Sony Board to ‘Discuss’ Third Point Proposal

Sony Board 'Discuss' Third Point Proposal

15%-20% of entertainment biz may be offered for an IPO

TOKYO — Sony prexy Kazuo Hirai told a presser Wednesday that the company’s board will “thoroughly discuss” the proposal by Third Point investment fund manager and major Sony stockholder Daniel Loeb to spin off a chunk of its entertainment biz to underwrite the revival of its core electronics segment.

Hirai did not give an exact timetable for a decision, though expectations are that an answer will come within a month. He also emphasized that the idea is not to sell the entertainment biz, but rather offer 15% to 20% of it for an IPO. “We are still at the starting stage,” he added.

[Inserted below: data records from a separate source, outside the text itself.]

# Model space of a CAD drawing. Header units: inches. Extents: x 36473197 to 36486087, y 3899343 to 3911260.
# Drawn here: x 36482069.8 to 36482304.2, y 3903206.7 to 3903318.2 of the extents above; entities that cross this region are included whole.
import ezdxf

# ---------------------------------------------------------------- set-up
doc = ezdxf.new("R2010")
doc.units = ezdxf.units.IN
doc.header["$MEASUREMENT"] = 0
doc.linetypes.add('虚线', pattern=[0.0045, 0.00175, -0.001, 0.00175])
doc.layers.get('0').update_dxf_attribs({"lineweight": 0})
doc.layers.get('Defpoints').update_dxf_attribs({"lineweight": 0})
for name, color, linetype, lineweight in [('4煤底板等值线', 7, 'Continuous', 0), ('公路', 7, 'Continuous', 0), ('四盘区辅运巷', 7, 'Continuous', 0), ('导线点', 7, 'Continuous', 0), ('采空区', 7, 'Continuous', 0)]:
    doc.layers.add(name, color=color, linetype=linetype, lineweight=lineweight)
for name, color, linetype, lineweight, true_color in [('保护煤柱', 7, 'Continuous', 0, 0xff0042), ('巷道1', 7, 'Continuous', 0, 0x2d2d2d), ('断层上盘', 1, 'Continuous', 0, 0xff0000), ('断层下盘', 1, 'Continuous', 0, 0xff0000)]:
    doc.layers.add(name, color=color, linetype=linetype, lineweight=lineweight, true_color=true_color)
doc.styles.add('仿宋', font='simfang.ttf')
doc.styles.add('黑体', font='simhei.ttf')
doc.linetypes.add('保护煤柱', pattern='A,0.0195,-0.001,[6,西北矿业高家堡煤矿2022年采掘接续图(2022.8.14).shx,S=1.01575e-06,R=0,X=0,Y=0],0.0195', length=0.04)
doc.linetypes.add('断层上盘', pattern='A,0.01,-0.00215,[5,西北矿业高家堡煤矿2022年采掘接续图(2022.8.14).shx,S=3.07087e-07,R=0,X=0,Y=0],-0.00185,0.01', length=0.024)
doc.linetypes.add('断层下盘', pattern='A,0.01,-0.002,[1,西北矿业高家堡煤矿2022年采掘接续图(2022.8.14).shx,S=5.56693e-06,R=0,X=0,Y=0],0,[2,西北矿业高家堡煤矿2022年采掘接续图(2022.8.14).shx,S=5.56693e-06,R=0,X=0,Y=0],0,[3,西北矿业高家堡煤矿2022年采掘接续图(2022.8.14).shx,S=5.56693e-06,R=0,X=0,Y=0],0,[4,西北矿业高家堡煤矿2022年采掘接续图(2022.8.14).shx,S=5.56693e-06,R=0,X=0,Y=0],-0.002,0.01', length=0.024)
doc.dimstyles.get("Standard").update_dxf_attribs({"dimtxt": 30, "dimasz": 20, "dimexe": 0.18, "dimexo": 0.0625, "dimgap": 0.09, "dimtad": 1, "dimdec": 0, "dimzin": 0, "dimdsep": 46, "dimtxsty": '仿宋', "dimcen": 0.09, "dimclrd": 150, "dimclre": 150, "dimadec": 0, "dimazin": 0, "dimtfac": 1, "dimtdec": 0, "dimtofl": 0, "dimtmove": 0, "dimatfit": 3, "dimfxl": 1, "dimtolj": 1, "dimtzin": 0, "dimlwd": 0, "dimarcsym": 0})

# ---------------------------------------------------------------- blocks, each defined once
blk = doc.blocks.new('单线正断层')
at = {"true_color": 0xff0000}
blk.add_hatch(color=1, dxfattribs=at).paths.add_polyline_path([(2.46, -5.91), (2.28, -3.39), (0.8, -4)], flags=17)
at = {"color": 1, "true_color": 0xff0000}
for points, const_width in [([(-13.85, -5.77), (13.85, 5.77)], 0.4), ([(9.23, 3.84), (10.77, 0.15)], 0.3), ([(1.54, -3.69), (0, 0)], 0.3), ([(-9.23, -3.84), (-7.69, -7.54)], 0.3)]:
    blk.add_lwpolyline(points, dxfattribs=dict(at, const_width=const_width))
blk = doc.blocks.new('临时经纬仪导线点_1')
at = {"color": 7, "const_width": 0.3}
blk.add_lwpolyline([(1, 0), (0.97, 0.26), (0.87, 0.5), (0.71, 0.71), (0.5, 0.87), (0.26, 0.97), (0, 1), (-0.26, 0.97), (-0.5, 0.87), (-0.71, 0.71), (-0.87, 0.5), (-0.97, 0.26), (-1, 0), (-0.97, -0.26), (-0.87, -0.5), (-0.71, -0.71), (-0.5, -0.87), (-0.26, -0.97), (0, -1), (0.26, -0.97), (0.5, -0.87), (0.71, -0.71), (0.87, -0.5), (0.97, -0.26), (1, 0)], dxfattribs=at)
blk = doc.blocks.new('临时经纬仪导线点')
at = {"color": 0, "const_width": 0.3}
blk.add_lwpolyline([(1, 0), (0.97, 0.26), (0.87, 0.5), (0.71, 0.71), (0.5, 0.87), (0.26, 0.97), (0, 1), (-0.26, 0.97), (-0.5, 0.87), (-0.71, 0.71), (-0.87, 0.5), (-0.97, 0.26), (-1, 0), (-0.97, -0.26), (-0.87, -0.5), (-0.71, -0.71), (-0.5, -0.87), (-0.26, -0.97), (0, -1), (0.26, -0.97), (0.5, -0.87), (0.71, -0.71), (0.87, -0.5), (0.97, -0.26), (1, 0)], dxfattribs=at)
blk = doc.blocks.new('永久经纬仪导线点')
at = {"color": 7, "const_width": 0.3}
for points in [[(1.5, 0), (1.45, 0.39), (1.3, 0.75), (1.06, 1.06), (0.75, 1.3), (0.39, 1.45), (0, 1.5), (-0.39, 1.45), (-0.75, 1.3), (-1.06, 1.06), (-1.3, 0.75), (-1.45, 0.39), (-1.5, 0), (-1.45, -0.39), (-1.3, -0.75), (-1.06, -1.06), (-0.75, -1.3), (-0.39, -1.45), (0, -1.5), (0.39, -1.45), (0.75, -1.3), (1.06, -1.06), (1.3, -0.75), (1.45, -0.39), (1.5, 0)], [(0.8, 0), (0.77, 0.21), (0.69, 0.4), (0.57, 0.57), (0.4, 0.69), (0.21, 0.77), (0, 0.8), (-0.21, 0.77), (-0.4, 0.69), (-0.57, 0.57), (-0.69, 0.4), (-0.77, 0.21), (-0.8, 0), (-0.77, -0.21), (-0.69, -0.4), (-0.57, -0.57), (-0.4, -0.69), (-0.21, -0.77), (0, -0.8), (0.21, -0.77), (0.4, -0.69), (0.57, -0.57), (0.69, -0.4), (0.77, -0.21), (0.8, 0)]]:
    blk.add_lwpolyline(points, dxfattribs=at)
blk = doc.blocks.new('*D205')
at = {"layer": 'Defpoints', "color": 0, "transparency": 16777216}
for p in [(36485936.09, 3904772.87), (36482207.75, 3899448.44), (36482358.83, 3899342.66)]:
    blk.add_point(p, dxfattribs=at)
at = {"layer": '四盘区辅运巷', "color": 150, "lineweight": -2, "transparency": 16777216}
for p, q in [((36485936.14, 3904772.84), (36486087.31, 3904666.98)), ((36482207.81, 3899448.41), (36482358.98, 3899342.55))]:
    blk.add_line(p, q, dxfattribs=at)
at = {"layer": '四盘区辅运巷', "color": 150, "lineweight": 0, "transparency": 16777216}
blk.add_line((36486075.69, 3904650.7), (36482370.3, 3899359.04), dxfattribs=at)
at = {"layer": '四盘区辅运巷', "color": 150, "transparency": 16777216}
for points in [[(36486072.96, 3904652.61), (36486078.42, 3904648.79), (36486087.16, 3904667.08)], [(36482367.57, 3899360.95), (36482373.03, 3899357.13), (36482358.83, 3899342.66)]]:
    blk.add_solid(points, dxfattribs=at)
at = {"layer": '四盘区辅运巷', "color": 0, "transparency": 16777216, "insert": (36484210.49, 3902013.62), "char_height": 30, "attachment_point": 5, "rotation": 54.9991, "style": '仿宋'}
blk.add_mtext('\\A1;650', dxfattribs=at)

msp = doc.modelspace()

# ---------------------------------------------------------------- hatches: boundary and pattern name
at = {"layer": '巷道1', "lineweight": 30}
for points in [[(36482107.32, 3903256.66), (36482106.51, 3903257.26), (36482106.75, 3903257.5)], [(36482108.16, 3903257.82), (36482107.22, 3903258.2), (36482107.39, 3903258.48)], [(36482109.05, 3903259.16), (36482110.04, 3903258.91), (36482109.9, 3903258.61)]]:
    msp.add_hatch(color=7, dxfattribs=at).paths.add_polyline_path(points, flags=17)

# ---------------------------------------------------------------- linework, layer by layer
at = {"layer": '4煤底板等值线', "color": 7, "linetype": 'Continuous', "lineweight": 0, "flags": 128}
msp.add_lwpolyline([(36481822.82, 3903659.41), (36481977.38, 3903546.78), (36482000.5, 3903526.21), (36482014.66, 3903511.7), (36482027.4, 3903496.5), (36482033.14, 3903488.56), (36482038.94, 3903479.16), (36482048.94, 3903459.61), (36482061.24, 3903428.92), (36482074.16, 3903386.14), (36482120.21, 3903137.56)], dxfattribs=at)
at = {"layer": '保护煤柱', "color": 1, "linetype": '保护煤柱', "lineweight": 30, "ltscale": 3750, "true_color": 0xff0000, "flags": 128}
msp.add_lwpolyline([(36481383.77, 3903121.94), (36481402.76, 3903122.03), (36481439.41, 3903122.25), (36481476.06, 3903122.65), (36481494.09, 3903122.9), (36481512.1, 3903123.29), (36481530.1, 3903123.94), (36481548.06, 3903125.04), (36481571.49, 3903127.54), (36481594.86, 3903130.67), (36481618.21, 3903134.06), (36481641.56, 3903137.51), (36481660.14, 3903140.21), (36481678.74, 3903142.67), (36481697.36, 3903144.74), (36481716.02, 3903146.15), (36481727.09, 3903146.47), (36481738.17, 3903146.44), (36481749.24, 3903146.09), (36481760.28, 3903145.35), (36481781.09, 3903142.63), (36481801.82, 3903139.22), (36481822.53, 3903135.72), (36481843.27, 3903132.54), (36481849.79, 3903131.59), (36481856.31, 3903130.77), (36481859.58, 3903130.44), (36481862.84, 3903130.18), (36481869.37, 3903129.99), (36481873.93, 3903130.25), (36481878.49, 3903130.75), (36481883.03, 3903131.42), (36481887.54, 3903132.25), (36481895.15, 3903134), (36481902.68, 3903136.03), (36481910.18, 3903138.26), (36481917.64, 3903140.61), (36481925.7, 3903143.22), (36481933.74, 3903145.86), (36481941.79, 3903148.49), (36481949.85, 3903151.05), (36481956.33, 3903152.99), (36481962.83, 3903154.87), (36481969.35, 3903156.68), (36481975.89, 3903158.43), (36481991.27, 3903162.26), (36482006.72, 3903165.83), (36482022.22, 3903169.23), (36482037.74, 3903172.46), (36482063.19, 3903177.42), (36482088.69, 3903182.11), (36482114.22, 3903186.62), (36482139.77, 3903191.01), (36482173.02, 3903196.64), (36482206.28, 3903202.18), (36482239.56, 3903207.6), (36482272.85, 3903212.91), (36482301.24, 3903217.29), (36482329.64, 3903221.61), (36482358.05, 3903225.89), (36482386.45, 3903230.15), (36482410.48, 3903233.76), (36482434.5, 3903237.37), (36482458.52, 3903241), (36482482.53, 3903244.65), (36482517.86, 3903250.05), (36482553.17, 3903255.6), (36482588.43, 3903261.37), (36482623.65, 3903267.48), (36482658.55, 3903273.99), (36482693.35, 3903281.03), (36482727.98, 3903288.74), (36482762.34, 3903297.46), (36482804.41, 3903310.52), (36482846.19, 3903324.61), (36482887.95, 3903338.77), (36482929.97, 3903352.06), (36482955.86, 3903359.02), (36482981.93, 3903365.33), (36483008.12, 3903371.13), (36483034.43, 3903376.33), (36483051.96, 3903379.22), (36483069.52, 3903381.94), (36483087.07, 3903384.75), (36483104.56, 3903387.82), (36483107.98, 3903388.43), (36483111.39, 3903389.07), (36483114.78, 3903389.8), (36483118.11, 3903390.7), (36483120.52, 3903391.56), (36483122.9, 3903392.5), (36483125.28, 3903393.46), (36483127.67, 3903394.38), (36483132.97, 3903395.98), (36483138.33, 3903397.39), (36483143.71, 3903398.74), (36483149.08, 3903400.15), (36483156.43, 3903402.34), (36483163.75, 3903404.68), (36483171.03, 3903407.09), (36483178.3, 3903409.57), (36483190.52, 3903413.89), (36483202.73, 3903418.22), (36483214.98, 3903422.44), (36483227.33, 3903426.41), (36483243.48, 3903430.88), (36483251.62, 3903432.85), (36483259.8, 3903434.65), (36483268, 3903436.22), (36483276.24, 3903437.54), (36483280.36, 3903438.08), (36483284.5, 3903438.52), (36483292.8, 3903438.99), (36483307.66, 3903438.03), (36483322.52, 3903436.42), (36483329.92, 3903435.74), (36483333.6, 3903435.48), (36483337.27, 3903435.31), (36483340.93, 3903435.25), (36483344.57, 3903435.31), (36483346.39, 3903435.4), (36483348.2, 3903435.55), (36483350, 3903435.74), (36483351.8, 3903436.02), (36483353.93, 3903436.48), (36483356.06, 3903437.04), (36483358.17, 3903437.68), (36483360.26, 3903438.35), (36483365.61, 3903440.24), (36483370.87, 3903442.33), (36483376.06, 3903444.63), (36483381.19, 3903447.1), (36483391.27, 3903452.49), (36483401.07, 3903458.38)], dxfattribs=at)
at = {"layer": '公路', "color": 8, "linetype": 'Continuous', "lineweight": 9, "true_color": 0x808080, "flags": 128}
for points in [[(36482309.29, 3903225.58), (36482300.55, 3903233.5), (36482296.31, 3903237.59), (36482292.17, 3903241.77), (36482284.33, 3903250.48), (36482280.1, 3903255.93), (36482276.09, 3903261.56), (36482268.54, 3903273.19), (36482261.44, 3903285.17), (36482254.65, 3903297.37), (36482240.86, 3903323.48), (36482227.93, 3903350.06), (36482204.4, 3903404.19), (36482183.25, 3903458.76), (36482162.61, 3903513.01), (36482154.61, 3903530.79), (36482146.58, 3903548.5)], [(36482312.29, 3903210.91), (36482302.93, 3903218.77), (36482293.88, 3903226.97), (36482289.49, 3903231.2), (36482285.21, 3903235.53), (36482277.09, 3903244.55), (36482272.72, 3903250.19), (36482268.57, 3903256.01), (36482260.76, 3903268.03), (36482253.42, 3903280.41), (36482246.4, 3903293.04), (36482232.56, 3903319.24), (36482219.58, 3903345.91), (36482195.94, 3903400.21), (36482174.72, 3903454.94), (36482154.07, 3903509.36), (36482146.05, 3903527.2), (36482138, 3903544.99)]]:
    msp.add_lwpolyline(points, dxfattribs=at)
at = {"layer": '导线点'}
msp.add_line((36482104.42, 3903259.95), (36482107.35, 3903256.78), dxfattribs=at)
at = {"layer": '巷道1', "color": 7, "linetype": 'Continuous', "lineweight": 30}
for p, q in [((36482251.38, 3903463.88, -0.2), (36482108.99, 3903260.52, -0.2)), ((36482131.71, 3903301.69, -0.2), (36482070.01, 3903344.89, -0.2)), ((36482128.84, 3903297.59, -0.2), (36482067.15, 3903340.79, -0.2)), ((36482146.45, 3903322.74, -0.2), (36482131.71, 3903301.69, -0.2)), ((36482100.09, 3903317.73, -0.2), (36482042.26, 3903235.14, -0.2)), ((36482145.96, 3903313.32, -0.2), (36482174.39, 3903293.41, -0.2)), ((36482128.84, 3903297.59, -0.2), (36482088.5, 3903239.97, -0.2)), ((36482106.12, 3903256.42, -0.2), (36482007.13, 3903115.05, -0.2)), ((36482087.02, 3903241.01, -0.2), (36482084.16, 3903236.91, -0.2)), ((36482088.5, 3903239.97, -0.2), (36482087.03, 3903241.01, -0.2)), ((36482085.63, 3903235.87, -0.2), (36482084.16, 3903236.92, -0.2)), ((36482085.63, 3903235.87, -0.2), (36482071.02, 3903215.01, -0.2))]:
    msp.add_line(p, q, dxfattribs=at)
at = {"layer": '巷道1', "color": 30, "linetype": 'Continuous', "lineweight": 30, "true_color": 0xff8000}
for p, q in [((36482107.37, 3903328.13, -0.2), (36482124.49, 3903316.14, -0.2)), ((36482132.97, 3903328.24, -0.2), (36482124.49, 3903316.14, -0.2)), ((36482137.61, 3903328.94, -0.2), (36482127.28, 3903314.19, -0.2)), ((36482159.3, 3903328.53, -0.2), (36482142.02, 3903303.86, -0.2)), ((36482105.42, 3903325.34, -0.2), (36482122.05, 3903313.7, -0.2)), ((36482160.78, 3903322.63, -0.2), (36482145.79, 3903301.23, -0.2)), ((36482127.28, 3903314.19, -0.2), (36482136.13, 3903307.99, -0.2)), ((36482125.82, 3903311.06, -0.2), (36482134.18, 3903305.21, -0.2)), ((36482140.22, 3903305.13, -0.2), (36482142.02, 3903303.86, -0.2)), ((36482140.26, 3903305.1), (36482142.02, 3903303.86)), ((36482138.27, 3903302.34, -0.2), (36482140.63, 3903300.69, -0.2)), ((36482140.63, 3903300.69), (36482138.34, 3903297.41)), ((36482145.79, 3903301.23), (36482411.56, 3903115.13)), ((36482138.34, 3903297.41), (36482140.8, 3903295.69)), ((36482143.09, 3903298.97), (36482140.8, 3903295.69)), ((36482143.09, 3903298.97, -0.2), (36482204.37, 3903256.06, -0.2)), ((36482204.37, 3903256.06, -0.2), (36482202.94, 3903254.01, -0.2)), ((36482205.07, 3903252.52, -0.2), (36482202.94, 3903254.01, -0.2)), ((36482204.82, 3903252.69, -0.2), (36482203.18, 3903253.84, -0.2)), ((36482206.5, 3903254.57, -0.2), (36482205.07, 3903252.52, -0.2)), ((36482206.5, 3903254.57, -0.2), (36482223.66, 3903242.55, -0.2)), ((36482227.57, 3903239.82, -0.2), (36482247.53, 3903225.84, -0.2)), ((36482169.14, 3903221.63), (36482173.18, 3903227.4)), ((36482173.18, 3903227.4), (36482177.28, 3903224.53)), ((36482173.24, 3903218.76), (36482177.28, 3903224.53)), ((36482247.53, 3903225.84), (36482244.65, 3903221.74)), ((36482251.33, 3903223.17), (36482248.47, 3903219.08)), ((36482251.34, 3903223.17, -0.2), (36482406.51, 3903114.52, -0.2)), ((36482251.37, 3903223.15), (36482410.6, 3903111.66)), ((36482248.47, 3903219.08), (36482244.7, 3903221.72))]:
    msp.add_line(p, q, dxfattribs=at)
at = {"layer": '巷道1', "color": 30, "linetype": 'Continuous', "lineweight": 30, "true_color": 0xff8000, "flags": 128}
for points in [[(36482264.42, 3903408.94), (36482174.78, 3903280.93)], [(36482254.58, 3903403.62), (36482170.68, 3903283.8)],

The Nikkei newspaper earlier Wednesday reported that Sony will hire advisers to help them sort out Loeb’s proposal.

Steady profits from Sony’s entertainment biz, including television channels and the Sony Pictures studio, have helped the company offset the long and large bleed of red ink from its television biz, which Hirai vowed to radically restructure after taking over from Howard Stringer as prexy last April.

Last month Sony reported its first net profit in five years, but it achieved this goal more through the massive sell off of real estate and other assets than improvement in its still ailing electronic biz.

Hirai said that the electronics segment will show an operating profit of 5% by March 2015. In the same time frame Sony aims for a 4% operating profit on its mobile biz and at least a 10% operating profit on its digital imaging biz — both key growth sectors as defined by Hirai.

After Loeb made his proposal on May 14 to sell off as much as 20% of Sony’s film, TV and music biz, the company’s share price soared, despite a Sony statement that its entertainment operations are “not for sale.”

Loeb’s Third Point fund is Sony’s largest shareholder with a reported 6.5% stake worth $1.1 billion and Loeb personally met Hirai last week to discuss his proposal, lending weight to speculation that Sony might meet Loeb at least half way rather than dig in its heels.